Rabbits are sold for $6/lb, packaged weight. (probably going up due to feed prices)
Cost per lb (as meat) $3.78
Profit per lb $2.21
Avg profit per rabbit $6.63

As you can see, when the margin is that low, there is little incentive for me to cut a deal on live sales vs packaged sales.  If a live rabbit is ready for harvest, I sell it for the meat value.  I had a conversation with a potential customer this morning that wanted to pay $2/lb live weight when they were ready for harvest, which would equate to about $1 profit per rabbit.  I politely declined.

I would be interested to hear how others compare.


----------



## Harbisgirl

Thank you very much. I myself don't raise rabbits yet, but I appreciate your work in putting that together. How do you do track your data?  I'd love to see your spreadsheets


----------



## Four Winds Ranch

I have just started raising meat rabbits, and I thank you for some valuble tips you have given me through your feed/cost analysis!!!   
Thanks for sharing!!!


----------



## shan777

Excellent topic and post.

My analysis is probably not as in depth as yours.
I sell breeders for $50, and meat rabbits whole for $20.
To raise one of mine I worked out approx $4-5.

I am getting my rabbits to 5lb at week 11 and they are dispatched straight away.
Dressed weights are usually 2lb 12oz or better.
What I have found once they reach 5lb is their weight gain slows down rapidly, but the feed costs only rise. This eats into my proft drastically.
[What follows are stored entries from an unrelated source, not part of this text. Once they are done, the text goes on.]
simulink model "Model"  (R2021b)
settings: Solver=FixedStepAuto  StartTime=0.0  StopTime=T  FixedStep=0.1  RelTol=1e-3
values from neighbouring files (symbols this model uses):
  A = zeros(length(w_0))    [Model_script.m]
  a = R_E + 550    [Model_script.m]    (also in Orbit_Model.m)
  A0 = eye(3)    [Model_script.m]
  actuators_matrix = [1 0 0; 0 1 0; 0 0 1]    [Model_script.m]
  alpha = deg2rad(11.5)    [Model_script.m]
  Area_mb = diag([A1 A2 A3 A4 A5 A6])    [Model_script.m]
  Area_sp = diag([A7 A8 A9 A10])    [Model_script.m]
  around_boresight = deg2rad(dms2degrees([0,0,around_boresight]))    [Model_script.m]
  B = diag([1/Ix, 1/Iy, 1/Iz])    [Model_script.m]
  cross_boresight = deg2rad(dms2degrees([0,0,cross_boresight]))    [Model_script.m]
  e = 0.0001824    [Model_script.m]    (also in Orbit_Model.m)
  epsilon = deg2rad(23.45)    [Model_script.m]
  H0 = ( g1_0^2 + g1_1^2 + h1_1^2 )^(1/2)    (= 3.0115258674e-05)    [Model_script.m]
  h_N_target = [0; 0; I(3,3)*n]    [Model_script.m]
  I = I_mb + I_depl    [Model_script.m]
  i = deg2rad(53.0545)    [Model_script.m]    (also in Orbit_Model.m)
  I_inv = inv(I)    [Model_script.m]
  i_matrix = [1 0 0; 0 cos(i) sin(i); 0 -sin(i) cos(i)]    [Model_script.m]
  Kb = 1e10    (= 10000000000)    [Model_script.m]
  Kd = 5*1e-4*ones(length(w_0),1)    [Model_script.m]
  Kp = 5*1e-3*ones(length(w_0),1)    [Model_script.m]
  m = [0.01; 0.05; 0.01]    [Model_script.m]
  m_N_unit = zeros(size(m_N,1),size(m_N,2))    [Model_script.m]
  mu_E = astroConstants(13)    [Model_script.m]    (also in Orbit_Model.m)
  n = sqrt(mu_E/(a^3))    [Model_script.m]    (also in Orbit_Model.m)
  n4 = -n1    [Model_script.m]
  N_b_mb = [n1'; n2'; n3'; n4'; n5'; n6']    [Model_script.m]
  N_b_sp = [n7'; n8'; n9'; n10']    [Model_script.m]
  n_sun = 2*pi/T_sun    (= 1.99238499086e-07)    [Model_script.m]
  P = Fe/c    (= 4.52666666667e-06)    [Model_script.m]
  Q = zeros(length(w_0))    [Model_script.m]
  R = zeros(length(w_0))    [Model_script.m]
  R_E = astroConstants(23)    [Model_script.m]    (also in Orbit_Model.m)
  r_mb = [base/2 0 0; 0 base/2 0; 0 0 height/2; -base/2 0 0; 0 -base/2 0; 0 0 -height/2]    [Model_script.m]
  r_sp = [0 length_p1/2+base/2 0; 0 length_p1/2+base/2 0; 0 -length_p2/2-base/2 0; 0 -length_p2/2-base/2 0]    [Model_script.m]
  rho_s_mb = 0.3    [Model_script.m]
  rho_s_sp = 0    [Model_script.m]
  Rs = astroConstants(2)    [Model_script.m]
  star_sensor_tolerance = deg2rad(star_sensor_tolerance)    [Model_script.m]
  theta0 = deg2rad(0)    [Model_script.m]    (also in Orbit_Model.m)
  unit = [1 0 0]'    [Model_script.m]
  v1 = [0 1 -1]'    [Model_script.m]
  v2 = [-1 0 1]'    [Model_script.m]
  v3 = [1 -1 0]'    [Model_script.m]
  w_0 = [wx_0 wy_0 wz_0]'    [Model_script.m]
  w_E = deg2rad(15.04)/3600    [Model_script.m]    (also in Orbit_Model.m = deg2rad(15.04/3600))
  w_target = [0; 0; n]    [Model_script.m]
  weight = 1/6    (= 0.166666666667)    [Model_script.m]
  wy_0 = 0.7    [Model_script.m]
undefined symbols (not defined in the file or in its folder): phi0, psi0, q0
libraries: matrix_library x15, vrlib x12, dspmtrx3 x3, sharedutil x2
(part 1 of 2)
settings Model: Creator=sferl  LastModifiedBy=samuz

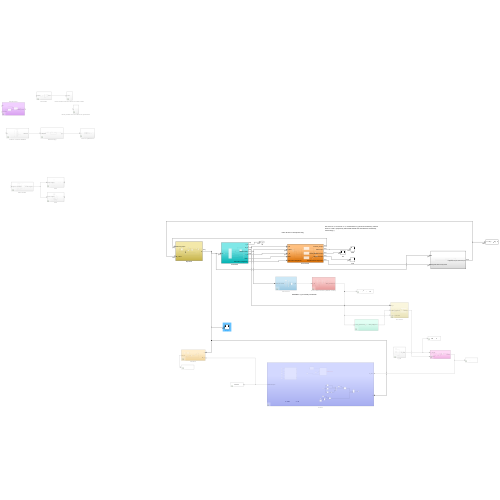
[thumbnail: Simulink's stored preview of the top-level diagram]
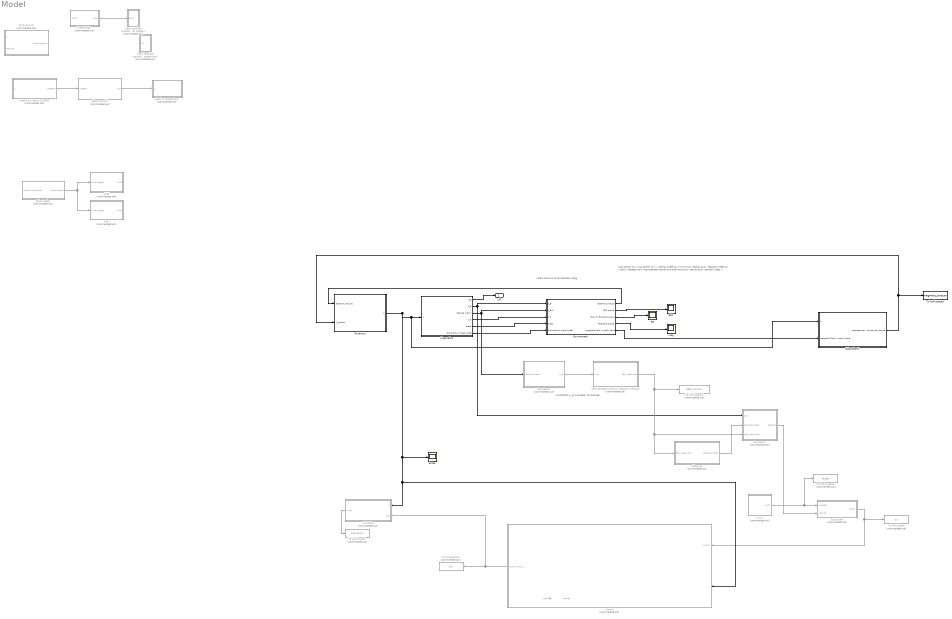
== system Model ==
  note: x = w
  note: u = MC
  note: insert calculus on atmospheric drag
  note: star sensor on z, sun sensor on -x, inertial wheel on y (minimum inertial axis), reaction wheel on x and z (respectively intermediate inertial axis and maximum inertial axis), pannelli lungo y
  note: WARNING: m_B is already normalized!
  A312 : Subsystem  Commented=on
  A313 : Subsystem  Commented=on
  A_L/N : Subsystem  Commented=on
  Actuators : Subsystem  Commented=on
  Attitude Determination (Statistic method) : Subsystem  Commented=on
  Control : Subsystem  Commented=on
  Dynamics : Subsystem
  Environment : Subsystem
  Euler Angles : Subsystem  Commented=on
  GG : Scope
  Kinematics : Subsystem
  Observer : Subsystem  Commented=on
  Pointing error : Subsystem  Commented=on
  SRP : Scope
  Scope : Scope
  Star Sensor : Subsystem  Commented=on
  Subsystem : Subsystem  Commented=on
  Subsystem1 : Subsystem
  Sun sensor : Subsystem  Commented=on
  To Workspace : ToWorkspace  Commented=on  VariableName=err  SampleTime=-1
  To Workspace1 : ToWorkspace  Commented=on  VariableName=actuators  SampleTime=-1
  To Workspace2 : ToWorkspace  Commented=on  VariableName=ctrl  SampleTime=-1
  To Workspace3 : ToWorkspace  Commented=on  VariableName=target  SampleTime=-1
  To Workspace4 : ToWorkspace  Commented=on  VariableName=ABN_sensor  SampleTime=-1
  To Workspace5 : ToWorkspace  VariableName=magnetic_torquer  SampleTime=-1
  check on quaternions : Subsystem  Commented=on
  check possible transformation into euler angles1 : Subsystem  Commented=on
  check possible transformation into quaternions : Subsystem  Commented=on
  creation of matrix \OMEGA : Subsystem  Commented=on
  determne q(t) : Subsystem  Commented=on
  mag : Scope
  trace finder : Subsystem  Commented=on
  r_B : Outport
  wires:
  Kinematics/1(r_B) -> r_B/1
  Kinematics/3(Attitude matrix) -> Environment/2(A_B/N), Star Sensor/1(Attitude matrix)
  Star Sensor/1(m_B) -> Attitude Determination (Statistic method)/1(m_B)
  Kinematics/2(S_B) -> Environment/1(S_B), Sun sensor/1(S_B)
  Kinematics/4(r_N) -> Environment/3(r_N)
  Kinematics/5(theta) -> Environment/4(theta)
  Kinematics/6(Orbit radius (magnitude)) -> Environment/5(Orbit radius (magnitude))
  Environment/1(External_Torque) -> Dynamics/1(External_Torque)
  Attitude Determination (Statistic method)/1(ABN_measured) -> To Workspace4/1, Sun sensor/3(ABN_measured), Observer/1(ABN_measured)
  Observer/1(ABN_estimated) -> Sun sensor/2(ABN_estimated)
  Euler Angles/1(Euler angles) -> A312/1(Euler angles), A313/1(Euler angles)
  Sun sensor/1(Attitude) -> Subsystem/2(Attitude)
  Actuators/1(M_ref) -> To Workspace1/1
  Subsystem/1(error2) -> To Workspace/1, Control/1(A_error)
  creation of matrix \OMEGA/1(\OMEGA) -> determne q(t)/1(OMEGA)
  determne q(t)/1(q(t)) -> check on quaternions/1(q)
  trace finder/1(trace) -> check possible transformation into euler angles1/1(trace)
  Control/1(control torque) -> Actuators/2(M_C), To Workspace2/1
  Environment/2(SRP torque) -> SRP/1
  Environment/3(Gravity Gradient torque) -> GG/1
  Environment/4(Magnetic torque) -> mag/1
  A_L/N/1(A_L/N) -> To Workspace3/1, Subsystem/1(A_target)
  Dynamics/1(w) -> Subsystem1/1(w), Kinematics/1(w), Scope/1, Actuators/1(w), Control/2(w)
  Environment/5(magnetic field in body frame) -> Subsystem1/2(magnetic filed in body frame)
  Subsystem1/1(magnetic torquer control torque) -> To Workspace5/1, Dynamics/2(M_control)

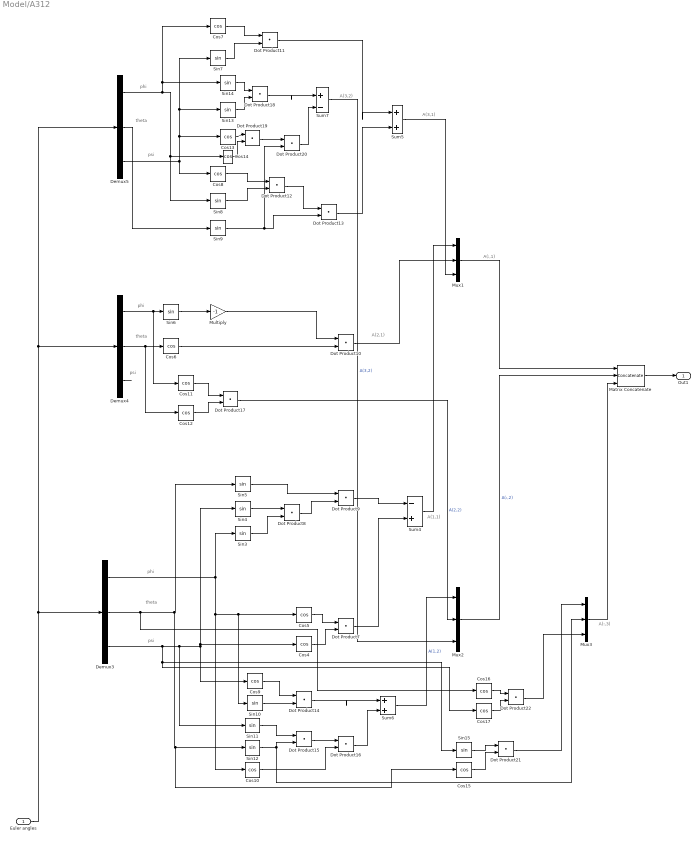
== system Model/A312 ==
  note: A(:,3)
  note: A(3,2)
  note: A(:,1)
  note: A(3,1)
  note: A(2,1)
  note: A(1,1)
  note: psi
  note: psi
  note: theta
  note: phi
  note: phi
  note: theta
  note: psi
  note: phi
  note: theta
  Euler angles : Inport
  Cos{4..17} (14 alike) : Trigonometry  Operator=cos
  Demux3 : Demux  Outputs=3
  Demux4 : Demux  Outputs=3
  Demux5 : Demux  Outputs=3
  Dot Product{7..22} (16 alike) : DotProduct  InputSameDT=on  OutDataTypeStr=Inherit: Inherit via internal rule
  Matrix Concatenate : Concatenate  NumInputs=3  Mode=Multidimensional array  ConcatenateDimension=2
  Multiply : Gain  Gain=-1
  Mux1 : Mux  Inputs=3
  Mux2 : Mux  Inputs=3
  Mux3 : Mux  Inputs=3
  Sin{3..15} (13 alike) : Trigonometry
  Sum4 : Sum  Inputs=-+
  Sum5 : Sum  Inputs=|++
  Sum6 : Sum  Inputs=|++
  Sum7 : Sum  Inputs=|+-
  Out1 : Outport
  wires:
  Cos15/1 -> Dot Product21/2
  Demux4/1 -> Cos11/1, Sin6/1
  Demux3/3 -> Cos17/1, Sin15/1, Sin11/1, Sin4/1, Cos4/1, Cos9/1
  Cos11/1 -> Dot Product17/1
  Sin11/1 -> Dot Product15/1
  Dot Product10/1 -> Mux1/2
  Demux5/3 -> Cos13/1, Sin7/1, Sin13/1, Cos8/1
  Sin7/1 -> Dot Product11/2
  Demux4/2 -> Cos12/1, Cos6/1
  Dot Product12/1 -> Dot Product13/1
  Dot Product7/1 -> Sum4/2
  Dot Product9/1 -> Sum4/1
  Euler angles/1 -> Demux5/1, Demux4/1, Demux3/1
  Sin9/1 -> Dot Product20/2, Dot Product13/2
  Dot Product11/1 -> Sum5/1
  Sin10/1 -> Dot Product14/2
  Sin5/1 -> Dot Product9/1
  Dot Product15/1 -> Dot Product16/1
  Dot Product18/1 -> Sum7/1
  Sum5/1 -> Mux1/3
  Mux2/1 -> Matrix Concatenate/2  "A(:,2)"
  Demux5/1 -> Sin14/1, Cos7/1, Cos14/1, Sin8/1
  Sin3/1 -> Dot Product8/2
  Demux3/2 -> Cos16/1, Cos15/1, Sin12/1, Sin5/1
  Demux3/1 -> Cos10/1, Sin10/1, Cos5/1, Sin3/1
  Cos6/1 -> Dot Product10/2
  Cos7/1 -> Dot Product11/1
  Dot Product13/1 -> Sum5/2
  Sin6/1 -> Multiply/1
  Sin4/1 -> Dot Product8/1
  Dot Product22/1 -> Mux3/3
  Cos8/1 -> Dot Product12/1
  Multiply/1 -> Dot Product10/1
  Dot Product8/1 -> Dot Product9/2
  Demux4/3 -> ?
  Cos5/1 -> Dot Product7/1
  Demux5/2 -> Sin9/1
  Sin15/1 -> Dot Product21/1
  Dot Product14/1 -> Sum6/1
  Cos10/1 -> Dot Product16/2
  Sin14/1 -> Dot Product18/1
  Sin13/1 -> Dot Product18/2
  Sum6/1 -> Mux2/1  "A(1,2)"
  Dot Product20/1 -> Sum7/2
  Sin8/1 -> Dot Product12/2
  Mux1/1 -> Matrix Concatenate/1
  Sum7/1 -> Mux2/3  "A(3,2)"
  Dot Product21/1 -> Mux3/1
  Cos12/1 -> Dot Product17/2
  Cos9/1 -> Dot Product14/1
  Sum4/1 -> Mux1/1
  Dot Product17/1 -> Mux2/2  "A(2,2)"
  Cos13/1 -> Dot Product19/1
  Cos14/1 -> Dot Product19/2
  Dot Product19/1 -> Dot Product20/1
  Cos16/1 -> Dot Product22/1
  Dot Product16/1 -> Sum6/2
  Cos4/1 -> Dot Product7/2
  Cos17/1 -> Dot Product22/2
  Sin12/1 -> Mux3/2, Dot Product15/2
  Mux3/1 -> Matrix Concatenate/3
  Matrix Concatenate/1 -> Out1/1

== system Model/A313 ==
  Euler angles : Inport
  A(:,1) : Subsystem
  A(:,2) : Subsystem
  A(:,3) : Subsystem
  Matrix Concatenate1 : Concatenate  NumInputs=3  Mode=Multidimensional array  ConcatenateDimension=2
  Out1 : Outport
  wires:
  Euler angles/1 -> A(:,3)/1(In1), A(:,2)/1(In1), A(:,1)/1(In1)
  A(:,3)/1(Out1) -> Matrix Concatenate1/3
  A(:,2)/1(Out1) -> Matrix Concatenate1/2
  A(:,1)/1(Out1) -> Matrix Concatenate1/1
  Matrix Concatenate1/1 -> Out1/1

== system Model/A_L//N ==
  Matrix Concatenate : Concatenate  NumInputs=3  Mode=Multidimensional array  ConcatenateDimension=2
  first column of A_L/N : Subsystem
  second column of A_L/N : Subsystem
  third column of A_L/N : Subsystem
  A_L/N : Outport
  wires:
  second column of A_L/N/1(A_L/N (:,2)) -> Matrix Concatenate/2
  Matrix Concatenate/1 -> A_L/N/1
  first column of A_L/N/1(A_L/N (:,1)) -> Matrix Concatenate/1
  third column of A_L/N/1(A_L/N (:,3)) -> Matrix Concatenate/3

== system Model/Actuators ==
  w : Inport
  M_C : Inport  Port=2
  Constant : Constant  Value=actuators_matrix
  Cross Product : matrix_library/Cross Product
      settings: SourceProductBaseCode=SL
  Gain : Gain  Gain=-1
  Gain1 : Gain  Gain=-1
  Integrator : Integrator  InitialCondition=[0; wy_0; 0]
  Matrix Multiply : Product  Multiplication=Matrix(*)
  Matrix Multiply1 : Product  Multiplication=Matrix(*)
  Pseudoinverse : MATLAB Function  TreatAsAtomicUnit=on
  Sum : Sum  Inputs=|++
  M_ref : Outport
  wires:
  Constant/1 -> Matrix Multiply1/1, Pseudoinverse/1(A)
  Pseudoinverse/1(A_pseudoinv) -> Gain/1
  Gain/1 -> Matrix Multiply/1
  M_C/1 -> Sum/1
  w/1 -> Cross Product/1
  Matrix Multiply/1 -> Gain1/1, Integrator/1  "h_r_dot"
  Integrator/1 -> Matrix Multiply1/2  "h_r"
  Matrix Multiply1/1 -> Cross Product/2
  Cross Product/1 -> Sum/2
  Sum/1 -> Matrix Multiply/2
  Gain1/1 -> M_ref/1  "M_r = h_r_dot"

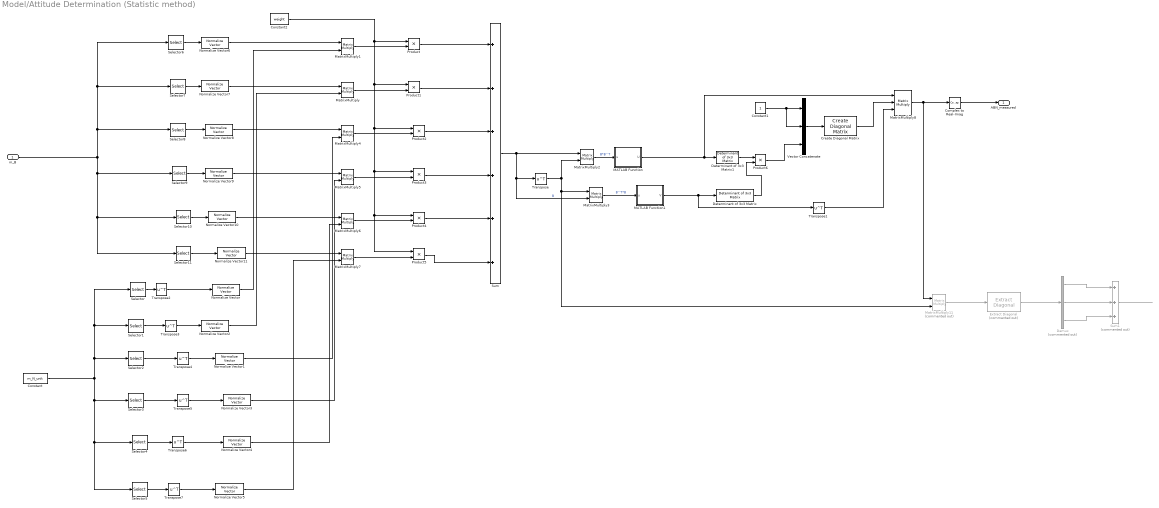
== system Model/Attitude Determination (Statistic method) ==
  m_B : Inport
  Complex to Real-Imag : ComplexToRealImag  Output=Real
  Constant : Constant  Value=m_N_unit
  Constant1 : Constant
  Constant2 : Constant  Value=weight
  Create Diagonal Matrix : dspmtrx3/Create Diagonal Matrix
      settings: SourceProductBaseCode=DS
  Demux : Demux  Commented=on  Outputs=3
  Determinant of 3x3 Matrix : sharedutil/Determinant of 3x3 Matrix  aMode=aMode
      settings: SourceProductBaseCode=AE,PW,DR,MT,UV,VE
  Determinant of 3x3 Matrix1 : sharedutil/Determinant of 3x3 Matrix  aMode=aMode
      settings: SourceProductBaseCode=AE,PW,DR,MT,UV,VE
  Extract Diagonal : dspmtrx3/Extract Diagonal  Commented=on
      settings: SourceProductBaseCode=DS
  MATLAB Function : MATLAB Function  TreatAsAtomicUnit=on
  MATLAB Function1 : MATLAB Function  TreatAsAtomicUnit=on
  MatrixMultiply{,1..7} (8 alike) : Product  Multiplication=Matrix(*)
  MatrixMultiply11 : Product  Commented=on  Multiplication=Matrix(*)
  MatrixMultiply8 : Product  Inputs=3  Multiplication=Matrix(*)
  Normalize Vector{,1..11} (12 alike) : vrlib/Utilities/Normalize Vector  maxzero=0
  Product{,1..6} (7 alike) : Product
  Selector : Selector  NumberOfDimensions=2  InputPortWidth=3  IndexOptions=Starting index (dialog),Starting index (dialog)  Indices=1,1  OutputSizes=3,1
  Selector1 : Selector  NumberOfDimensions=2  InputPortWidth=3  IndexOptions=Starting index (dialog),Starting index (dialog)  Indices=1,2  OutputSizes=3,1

The best advice I got was get good initial breeders that are successful with raising litters to 5lb in 10-12 weeks, and to not delay to dispatch.

I also use a 6 week breed back cycle.

I never expected to make a profit doing this, just to cover cost, and have free meat for my family...... heading towards this goal anyway.


----------



## s&kfatrms

I am looking into raising meat rabbits and this was very helpful info to me thanks


----------



## sawfish99

I use Quicken to track all the finances for the farm, however, I built an Excel spreadsheet for all the formulates and detailed analysis of the data.  If anyone wants the spreadsheet, I don't mind emailing it 1 on 1.  Contact me at rob"at"thesawyerfarms.com.

I was generally targeting a 3lb rabbit, for the freezer (therefore 6lb live weight), however, I am starting to think that is too big.  I think I might shift to the 2.5lb range and see how we like that for our own usage.  It would also make the rabbits a little cheaper for sales, which might help.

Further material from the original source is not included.